▶ _Requirement_: Starting with the opening line of the entries below, transcribe each line exactly up to and including the one that has "Demux : Demux"; pictures are not copied.

[Stored entries]
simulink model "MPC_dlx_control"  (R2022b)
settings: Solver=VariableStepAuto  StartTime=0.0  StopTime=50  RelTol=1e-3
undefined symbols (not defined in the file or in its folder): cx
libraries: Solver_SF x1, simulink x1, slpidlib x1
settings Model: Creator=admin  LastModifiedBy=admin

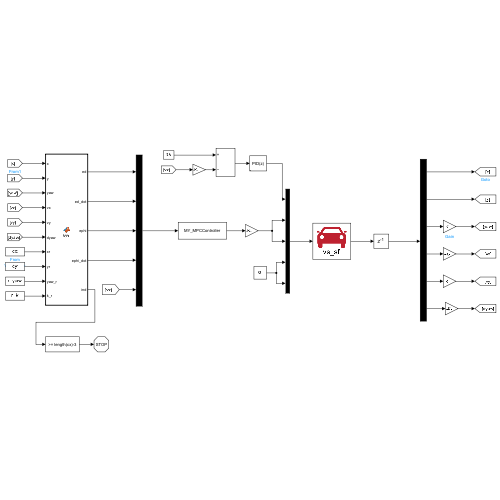
[thumbnail: Simulink's stored preview of the top-level diagram]
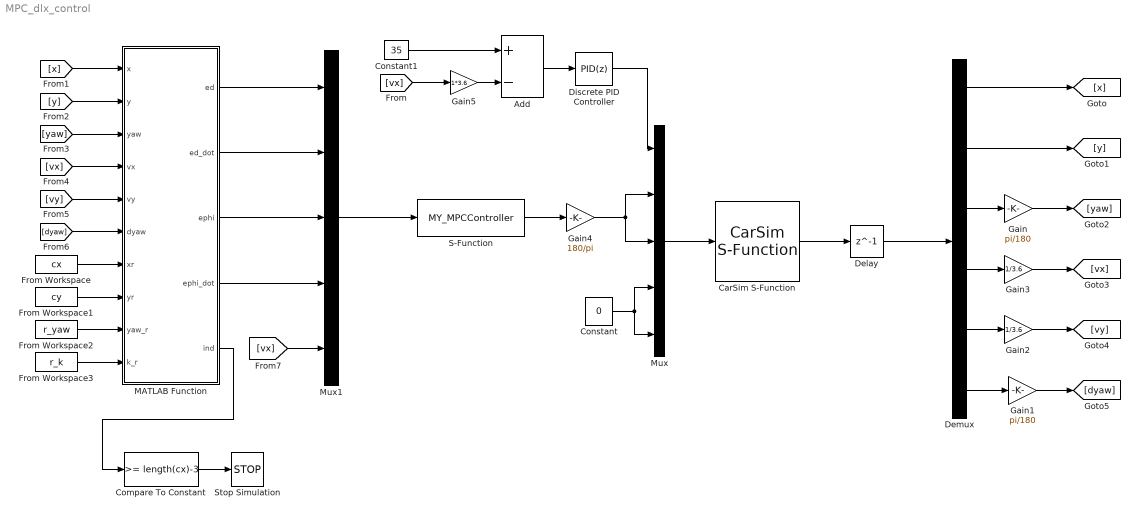
== system MPC_dlx_control ==
  Add : Sum  Inputs=+-
  CarSim S-Function : Solver_SF/CarSim S-Function  Priority=1  SIMFILE=simfile.sim  Run_RTs=off  vs_state_ind=Run  StopMode_ind=Vehicle Model
  Compare To Constant : simulink/Logic and Bit Operations/Compare To Constant  relop=>=  const=length(cx)-3  OutDataTypeStr=boolean
  Constant : Constant  Value=0
  Constant1 : Constant  Value=35
  Delay : Delay  DelayLength=1
  Demux : Demux  Outputs=6
  Discrete PID Controller : slpidlib/PID Controller  Controller=PID  Form=Parallel  TimeDomain=Discrete-time  UseExternalTs=off  SampleTime=-1  IntegratorMethod=Forward Euler  FilterMethod=Forward Euler  ControllerParametersSource=internal  P=0.8  I=0.6  UseKiTs=off  D=0.2  N=100  UseFilter=on  TunerSelectOption=Transfer Function Based (PID Tuner App)  InitialConditionSource=internal  InitialConditionForIntegrator=0  InitialConditionForFilter=0  DifferentiatorICPrevScaledInput=0  ExternalReset=none  TrackingMode=off  Kt=1  LimitOutput=off  SatLimitsSource=internal  UpperSaturationLimit=inf  LowerSaturationLimit=-inf  LinearizeAsGain=off  AntiWindupMode=none  Kb=1  LimitIntegrator=off  UpperIntegratorSaturationLimit=inf  LowerIntegratorSaturationLimit=-inf  POutMin=[]  POutMax=[]  IOutMin=[]  IOutMax=[]  DOutMin=[]  DOutMax=[]  NOutMin=[]  NOutMax=[]  SumOutMin=[]  SumOutMax=[]  SaturationOutMin=[]  SaturationOutMax=[]  PParamMin=[]  PParamMax=[]  IParamMin=[]  IParamMax=[]  DParamMin=[]  DParamMax=[]  NParamMin=[]  NParamMax=[]  KbParamMin=[]  KbParamMax=[]  KtParamMin=[]  KtParamMax=[]  KbOutMin=[]  KbOutMax=[]  KtOutMin=[]  KtOutMax=[]  IntegratorOutMin=[]  IntegratorOutMax=[]  FilterOutMin=[]  FilterOutMax=[]  SumI1OutMin=[]  SumI1OutMax=[]  SumI2OutMin=[]  SumI2OutMax=[]  SumI3OutMin=[]  SumI3OutMax=[]  SumI4OutMin=[]  SumI4OutMax=[]  SumDOutMin=[]  SumDOutMax=[]  DifferentiatorOutMin=[]  DifferentiatorOutMax=[]  FilterDiffOutCoefMin=[]  FilterDiffOutCoefMax=[]  ReciprocalOutMin=[]  ReciprocalOutMax=[]  SumDenOutMin=[]  SumDenOutMax=[]  SumNumOutMin=[]  SumNumOutMax=[]  DivideOutMin=[]  DivideOutMax=[]  UdiffTsProdOutMin=[]  UdiffTsProdOutMax=[]  NTsProdOutMin=[]  NTsProdOutMax=[]  UintegralTsProdOutMin=[]  UintegralTsProdOutMax=[]  UngainTsProdOutMin=[]  UngainTsProdOutMax=[]  ClampingZeroOutDataTypeStr=Inherit: Inherit via back propagation  ClampingZeroOutMin=[]  ClampingZeroOutMax=[]  FilterDenConstantOutDataTypeStr=Inherit: Inherit via back propagation  FilterDenConstantOutMin=[]  FilterDenConstantOutMax=[]  PCopyOutDataTypeStr=Inherit: Inherit via back propagation  PCopyOutMin=[]  PCopyOutMax=[]  NCopyOutDataTypeStr=Inherit: Inherit via back propagation  NCopyOutMin=[]  NCopyOutMax=[]  IntegratorContinuousStateAttributes=''  IntegratorStateMustResolveToSignalObject=off  IntegratorRTWStateStorageClass=Auto  FilterContinuousStateAttributes=''  FilterStateMustResolveToSignalObject=off  FilterRTWStateStorageClass=Auto  ParallelPVariant=InternalParameters  IdealPVariant=Disabled  IVariant=InternalParameters  DVariant=InternalParameters  IntegratorVariant=Discrete  SatVariant=Disabled  AWVariant=Passthrough  PCopyVariant=Disabled  TRVariant=Disabled  FdbkBlocksVariant=Forward  IdealPFdbkVariant=Disabled  SatFdbkVariant=Disabled  DerivativeFilterVariant=ForwardEulerFilter  NVariant=InternalParameters  NCopyVariant=Disabled  FilterICVariant=InternalICsFilter  IntegratorICVariant=InternalICs  ExternalResetVariant=Disabled  TRSumVariant=Passthrough  SumFdbkVariant=Disabled  SumVariant=Sum_PID  TsampFilterVariant=InternalTs  TsampNgainVariant=Passthrough  TsampIntegralVariant=Passthrough  ExternalSaturationOutDataTypeStr=Inherit: Same as second input
      settings: LibrarySourceBlock=simulink/Discrete/Discrete PID Controller
  From Workspace : FromWorkspace  VariableName=cx
  From Workspace1 : FromWorkspace  VariableName=cy
  From Workspace2 : FromWorkspace  VariableName=r_yaw
  From Workspace3 : FromWorkspace  VariableName=r_k
  Gain : Gain  Gain=pi/180
  Gain1 : Gain  Gain=pi/180
  Gain2 : Gain  Gain=1/3.6
  Gain3 : Gain  Gain=1/3.6
  Gain4 : Gain  Gain=180/pi
  Gain5 : Gain  Gain=1*3.6
  MATLAB Function : MATLAB Function  TreatAsAtomicUnit=on
  Mux : Mux  Inputs=5
  Mux1 : Mux  Inputs=5
  S-Function : S-Function  FunctionName=MY_MPCController  SFunctionDeploymentMode=off  EnableBusSupport=off
  Stop Simulation : Stop
  wires:
  CarSim S-Function/1 -> Delay/1
  Delay/1 -> Demux/1
  Demux/3 -> Gain/1
  Gain/1 -> [yaw]
  Demux/6 -> Gain1/1
  Gain1/1 -> [dyaw]
  Demux/5 -> Gain2/1
  Gain2/1 -> [vy]
  Demux/4 -> Gain3/1
  Gain3/1 -> [vx]
  Demux/1 -> [x]
  Demux/2 -> [y]
  Mux/1 -> CarSim S-Function/1
  Constant/1 -> Mux/5, Mux/4
  Gain4/1 -> Mux/3, Mux/2
  [vx] -> Gain5/1
  Gain5/1 -> Add/2
  Constant1/1 -> Add/1
  Add/1 -> Discrete PID Controller/1
  Discrete PID Controller/1 -> Mux/1
  S-Function/1 -> Gain4/1
  MATLAB Function/1(ed) -> Mux1/1
  MATLAB Function/3(ephi) -> Mux1/3
  MATLAB Function/4(ephi_dot) -> Mux1/4
  MATLAB Function/5(ind) -> Compare To Constant/1
  MATLAB Function/2(ed_dot) -> Mux1/2
  [x] -> MATLAB Function/1(x)
  From Workspace/1 -> MATLAB Function/7(xr)
  From Workspace1/1 -> MATLAB Function/8(yr)
  From Workspace3/1 -> MATLAB Function/10(k_r)
  From Workspace2/1 -> MATLAB Function/9(yaw_r)
  [dyaw] -> MATLAB Function/6(dyaw)
  [vy] -> MATLAB Function/5(vy)
  [vx] -> MATLAB Function/4(vx)
  [yaw] -> MATLAB Function/3(yaw)
  [y] -> MATLAB Function/2(y)
  Mux1/1 -> S-Function/1
  [vx] -> Mux1/5
  Compare To Constant/1 -> Stop Simulation/1

== matlab function MPC_dlx_control/MATLAB Function ==
  data: x input; ed output; y input; yaw input; vx input; vy input; dyaw input; xr input; yr input; yaw_r input; k_r input; ed_dot output; ephi output; ephi_dot output; ind output
function [ed,ed_dot,ephi,ephi_dot,ind] = fcn(x,y,yaw, vx,vy,dyaw,xr,yr,yaw_r,k_r)
%1.寻找匹配点（车辆离期望路径最近的点）   
    n=length(xr);
    d_min=(x-xr(1))^2+(y-yr(1))^2;
    min=1;
    for i=1:n
        d=(x-xr(i))^2+(y-yr(i))^2;
        if d<d_min
            d_min=d;
            min=i;
        end
    end
    ind=min;
%2.计算4个误差状态[ed,d_ed,eyaw,d_eyaw]
    tor=[cos(yaw_r(ind));sin(yaw_r(ind))];
    nor=[-sin(yaw_r(ind));cos(yaw_r(ind))];
    d_err=[x-xr(ind);y-yr(ind)];

    ed=nor'*d_err;
%     es=tor'*d_err; 
    projection_point_thetar=yaw_r(ind); %百度apollo

    ed_dot=vy*cos(yaw-projection_point_thetar)+vx*sin(yaw-projection_point_thetar);
    ephi=sin(yaw-projection_point_thetar);
    s_dot=vx*cos(yaw-projection_point_thetar)-vy*sin(yaw-projection_point_thetar);
    s_dot=s_dot/(1-k_r(ind)*ed);
    ephi_dot=dyaw-k_r(ind)*s_dot;

end

▶ _Written reply_:
simulink model "MPC_dlx_control"  (R2022b)
settings: Solver=VariableStepAuto  StartTime=0.0  StopTime=50  RelTol=1e-3
undefined symbols (not defined in the file or in its folder): cx
libraries: Solver_SF x1, simulink x1, slpidlib x1
settings Model: Creator=admin  LastModifiedBy=admin

[thumbnail: Simulink's stored preview of the top-level diagram]
== system MPC_dlx_control ==
  Add : Sum  Inputs=+-
  CarSim S-Function : Solver_SF/CarSim S-Function  Priority=1  SIMFILE=simfile.sim  Run_RTs=off  vs_state_ind=Run  StopMode_ind=Vehicle Model
  Compare To Constant : simulink/Logic and Bit Operations/Compare To Constant  relop=>=  const=length(cx)-3  OutDataTypeStr=boolean
  Constant : Constant  Value=0
  Constant1 : Constant  Value=35
  Delay : Delay  DelayLength=1
  Demux : Demux  Outputs=6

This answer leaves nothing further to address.